→ **Data supplied**
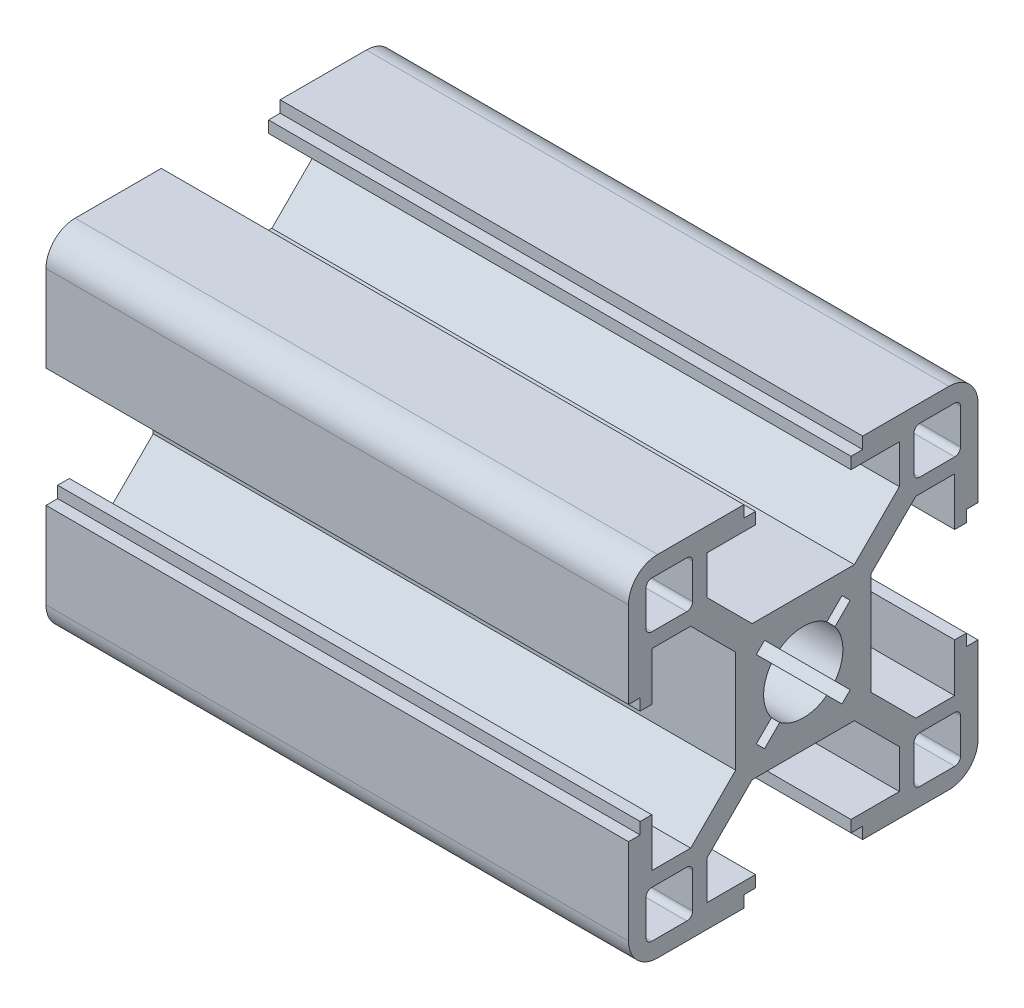
SolidWorks part; units mm, degrees
ref_plane "前视基准面" through (0, 0, 0) normal (0, 0, 1) x (1, 0, 0)
ref_plane "上视基准面" through (0, 0, 0) normal (0, 1, 0) x (1, 0, 0)
ref_plane "右视基准面" through (0, 0, 0) normal (1, 0, 0) x (0, 0, -1)
other "Configuration Table"
sketch "草图1" plane through (0, 0, 0) normal (1, 0, 0) x (0, 0, -1)
  line L0 (-5.1496, -13.7047) -> (-4.1496, -13.7047)
  line L1 (-4.1496, -13.7047) -> (-4.1496, -12.7047)
  line L2 (-4.1496, -12.7047) -> (-8.2996, -12.7047)
  line L3 (-8.2996, -12.7047) -> (-8.2996, -9.3689)
  line L4 (-8.2996, -9.3689) -> (-4.4354, -5.5047)
  line L5 (-4.4354, -5.5047) -> (4.3362, -5.5047)
  line L6 (4.3362, -5.5047) -> (8.2004, -9.3689)
  line L7 (8.2004, -9.3689) -> (8.2004, -12.7047)
  line L8 (8.2004, -12.7047) -> (4.0504, -12.7047)
  line L9 (4.0504, -12.7047) -> (4.0504, -13.7047)
  line L10 (4.0504, -13.7047) -> (5.0504, -13.7047)
  line L11 (5.0504, -13.7047) -> (5.0504, -14.7047)
  line L12 (5.0504, -14.7047) -> (12.4504, -14.7047)
  line L13 (14.9504, -12.2047) -> (14.9504, -4.8047)
  line L14 (14.9504, -4.8047) -> (13.9504, -4.8047)
  line L15 (13.9504, -4.8047) -> (13.9504, -3.8047)
  line L16 (13.9504, -3.8047) -> (12.9504, -3.8047)
  line L17 (12.9504, -3.8047) -> (12.9504, -7.9547)
  line L18 (12.9504, -7.9547) -> (9.6146, -7.9547)
  line L19 (9.6146, -7.9547) -> (5.7504, -4.0905)
  line L20 (5.7504, -4.0905) -> (5.7504, 4.6811)
  line L21 (5.7504, 4.6811) -> (9.6146, 8.5453)
  line L22 (9.6146, 8.5453) -> (12.9504, 8.5453)
  line L23 (12.9504, 8.5453) -> (12.9504, 4.3953)
  line L24 (12.9504, 4.3953) -> (13.9504, 4.3953)
  line L25 (13.9504, 4.3953) -> (13.9504, 5.3953)
  line L26 (13.9504, 5.3953) -> (14.9504, 5.3953)
  line L27 (14.9504, 5.3953) -> (14.9504, 12.7953)
  line L28 (12.4504, 15.2953) -> (5.0504, 15.2953)
  line L29 (5.0504, 15.2953) -> (5.0504, 14.2953)
  line L30 (5.0504, 14.2953) -> (4.0504, 14.2953)
  line L31 (4.0504, 14.2953) -> (4.0504, 13.2953)
  line L32 (4.0504, 13.2953) -> (8.2004, 13.2953)
  line L33 (8.2004, 13.2953) -> (8.2004, 9.9595)
  line L34 (8.2004, 9.9595) -> (4.3362, 6.0953)
  line L35 (4.3362, 6.0953) -> (-4.4354, 6.0953)
  line L36 (-4.4354, 6.0953) -> (-8.2996, 9.9595)
  line L37 (-8.2996, 9.9595) -> (-8.2996, 13.2953)
  line L38 (-8.2996, 13.2953) -> (-4.1496, 13.2953)
  line L39 (-4.1496, 13.2953) -> (-4.1496, 14.2953)
  line L40 (-4.1496, 14.2953) -> (-5.1496, 14.2953)
  line L41 (-5.1496, 14.2953) -> (-5.1496, 15.2953)
  line L42 (-5.1496, 15.2953) -> (-12.5496, 15.2953)
  line L43 (-15.0496, 12.7953) -> (-15.0496, 5.3953)
  line L44 (-15.0496, 5.3953) -> (-14.0496, 5.3953)
  line L45 (-14.0496, 5.3953) -> (-14.0496, 4.3953)
  line L46 (-14.0496, 4.3953) -> (-13.0496, 4.3953)
  line L47 (-13.0496, 4.3953) -> (-13.0496, 8.5453)
  line L48 (-13.0496, 8.5453) -> (-9.7138, 8.5453)
  line L49 (-9.7138, 8.5453) -> (-5.8496, 4.6811)
  line L50 (-5.8496, 4.6811) -> (-5.8496, -4.0905)
  line L51 (-5.8496, -4.0905) -> (-9.7138, -7.9547)
  line L52 (-9.7138, -7.9547) -> (-13.0496, -7.9547)
  line L53 (-13.0496, -7.9547) -> (-13.0496, -3.8047)
  line L54 (-13.0496, -3.8047) -> (-14.0496, -3.8047)
  line L55 (-14.0496, -3.8047) -> (-14.0496, -4.8047)
  line L56 (-14.0496, -4.8047) -> (-15.0496, -4.8047)
  line L57 (-15.0496, -4.8047) -> (-15.0496, -12.2047)
  line L58 (-12.5496, -14.7047) -> (-5.1496, -14.7047)
  line L59 (-5.1496, -14.7047) -> (-5.1496, -13.7047)
  line L60 (-10.0496, 9.7953) -> (-13.0496, 9.7953)
  line L61 (-13.5496, 10.2953) -> (-13.5496, 13.2953)
  line L62 (-13.0496, 13.7953) -> (-10.0496, 13.7953)
  line L63 (-9.5496, 13.2953) -> (-9.5496, 10.2953)
  line L64 (-10.0496, -13.2047) -> (-13.0496, -13.2047)
  line L65 (-13.5496, -12.7047) -> (-13.5496, -9.7047)
  line L66 (-13.0496, -9.2047) -> (-10.0496, -9.2047)
  line L67 (-9.5496, -9.7047) -> (-9.5496, -12.7047)
  line L68 (12.9504, 9.7953) -> (9.9504, 9.7953)
  line L69 (9.4504, 10.2953) -> (9.4504, 13.2953)
  line L70 (9.9504, 13.7953) -> (12.9504, 13.7953)
  line L71 (13.4504, 13.2953) -> (13.4504, 10.2953)
  line L72 (13.4504, -9.7047) -> (13.4504, -12.7047)
  line L73 (12.9504, -13.2047) -> (9.9504, -13.2047)
  line L74 (9.4504, -12.7047) -> (9.4504, -9.7047)
  line L75 (9.9504, -9.2047) -> (12.9504, -9.2047)
  line L76 (-4.08, 3.6186) -> (-3.3729, 4.3257)
  line L77 (-3.3729, 4.3257) -> (-2.074, 3.0269)
  line L78 (1.9749, 3.0269) -> (3.2737, 4.3257)
  line L79 (3.2737, 4.3257) -> (3.9808, 3.6186)
  line L80 (3.9808, 3.6186) -> (2.682, 2.3198)
  line L81 (2.682, -1.7291) -> (3.9808, -3.028)
  line L82 (3.9808, -3.028) -> (3.2737, -3.7351)
  line L83 (3.2737, -3.7351) -> (1.9749, -2.4362)
  line L84 (-2.074, -2.4362) -> (-3.3729, -3.7351)
  line L85 (-3.3729, -3.7351) -> (-4.08, -3.028)
  line L86 (-4.08, -3.028) -> (-2.7811, -1.7291)
  line L87 (-2.7811, 2.3198) -> (-4.08, 3.6186)
  arc A0 (12.4504, -14.7047) -> (14.9504, -12.2047) centre (12.4504, -12.2047) ccw
  arc A1 (14.9504, 12.7953) -> (12.4504, 15.2953) centre (12.4504, 12.7953) ccw
  arc A2 (-12.5496, 15.2953) -> (-15.0496, 12.7953) centre (-12.5496, 12.7953) ccw
  arc A3 (-15.0496, -12.2047) -> (-12.5496, -14.7047) centre (-12.5496, -12.2047) ccw
  arc A4 (-9.5496, 10.2953) -> (-10.0496, 9.7953) centre (-10.0496, 10.2953) cw
  arc A5 (-13.0496, 9.7953) -> (-13.5496, 10.2953) centre (-13.0496, 10.2953) cw
  arc A6 (-13.5496, 13.2953) -> (-13.0496, 13.7953) centre (-13.0496, 13.2953) cw
  arc A7 (-10.0496, 13.7953) -> (-9.5496, 13.2953) centre (-10.0496, 13.2953) cw
  arc A8 (-9.5496, -12.7047) -> (-10.0496, -13.2047) centre (-10.0496, -12.7047) cw
  arc A9 (-13.0496, -13.2047) -> (-13.5496, -12.7047) centre (-13.0496, -12.7047) cw
  arc A10 (-13.5496, -9.7047) -> (-13.0496, -9.2047) centre (-13.0496, -9.7047) cw
  arc A11 (-10.0496, -9.2047) -> (-9.5496, -9.7047) centre (-10.0496, -9.7047) cw
  arc A12 (13.4504, 10.2953) -> (12.9504, 9.7953) centre (12.9504, 10.2953) cw
  arc A13 (9.9504, 9.7953) -> (9.4504, 10.2953) centre (9.9504, 10.2953) cw
  arc A14 (9.4504, 13.2953) -> (9.9504, 13.7953) centre (9.9504, 13.2953) cw
  arc A15 (12.9504, 13.7953) -> (13.4504, 13.2953) centre (12.9504, 13.2953) cw
  arc A16 (12.9504, -9.2047) -> (13.4504, -9.7047) centre (12.9504, -9.7047) cw
  arc A17 (13.4504, -12.7047) -> (12.9504, -13.2047) centre (12.9504, -12.7047) cw
  arc A18 (9.9504, -13.2047) -> (9.4504, -12.7047) centre (9.9504, -12.7047) cw
  arc A19 (9.4504, -9.7047) -> (9.9504, -9.2047) centre (9.9504, -9.7047) cw
  arc A20 (-2.074, 3.0269) -> (1.9749, 3.0269) centre (-0.0496, 0.2953) cw
  arc A21 (2.682, 2.3198) -> (2.682, -1.7291) centre (-0.0496, 0.2953) cw
  arc A22 (1.9749, -2.4362) -> (-2.074, -2.4362) centre (-0.0496, 0.2953) cw
  arc A23 (-2.7811, -1.7291) -> (-2.7811, 2.3198) centre (-0.0496, 0.2953) cw
extrude "凸台-拉伸1" add sketch "草图1" against normal blind 50

→ **Problem to solve**
A count alone is required. How many lines in the entries contain the string "normal"?

→ **The answer**
5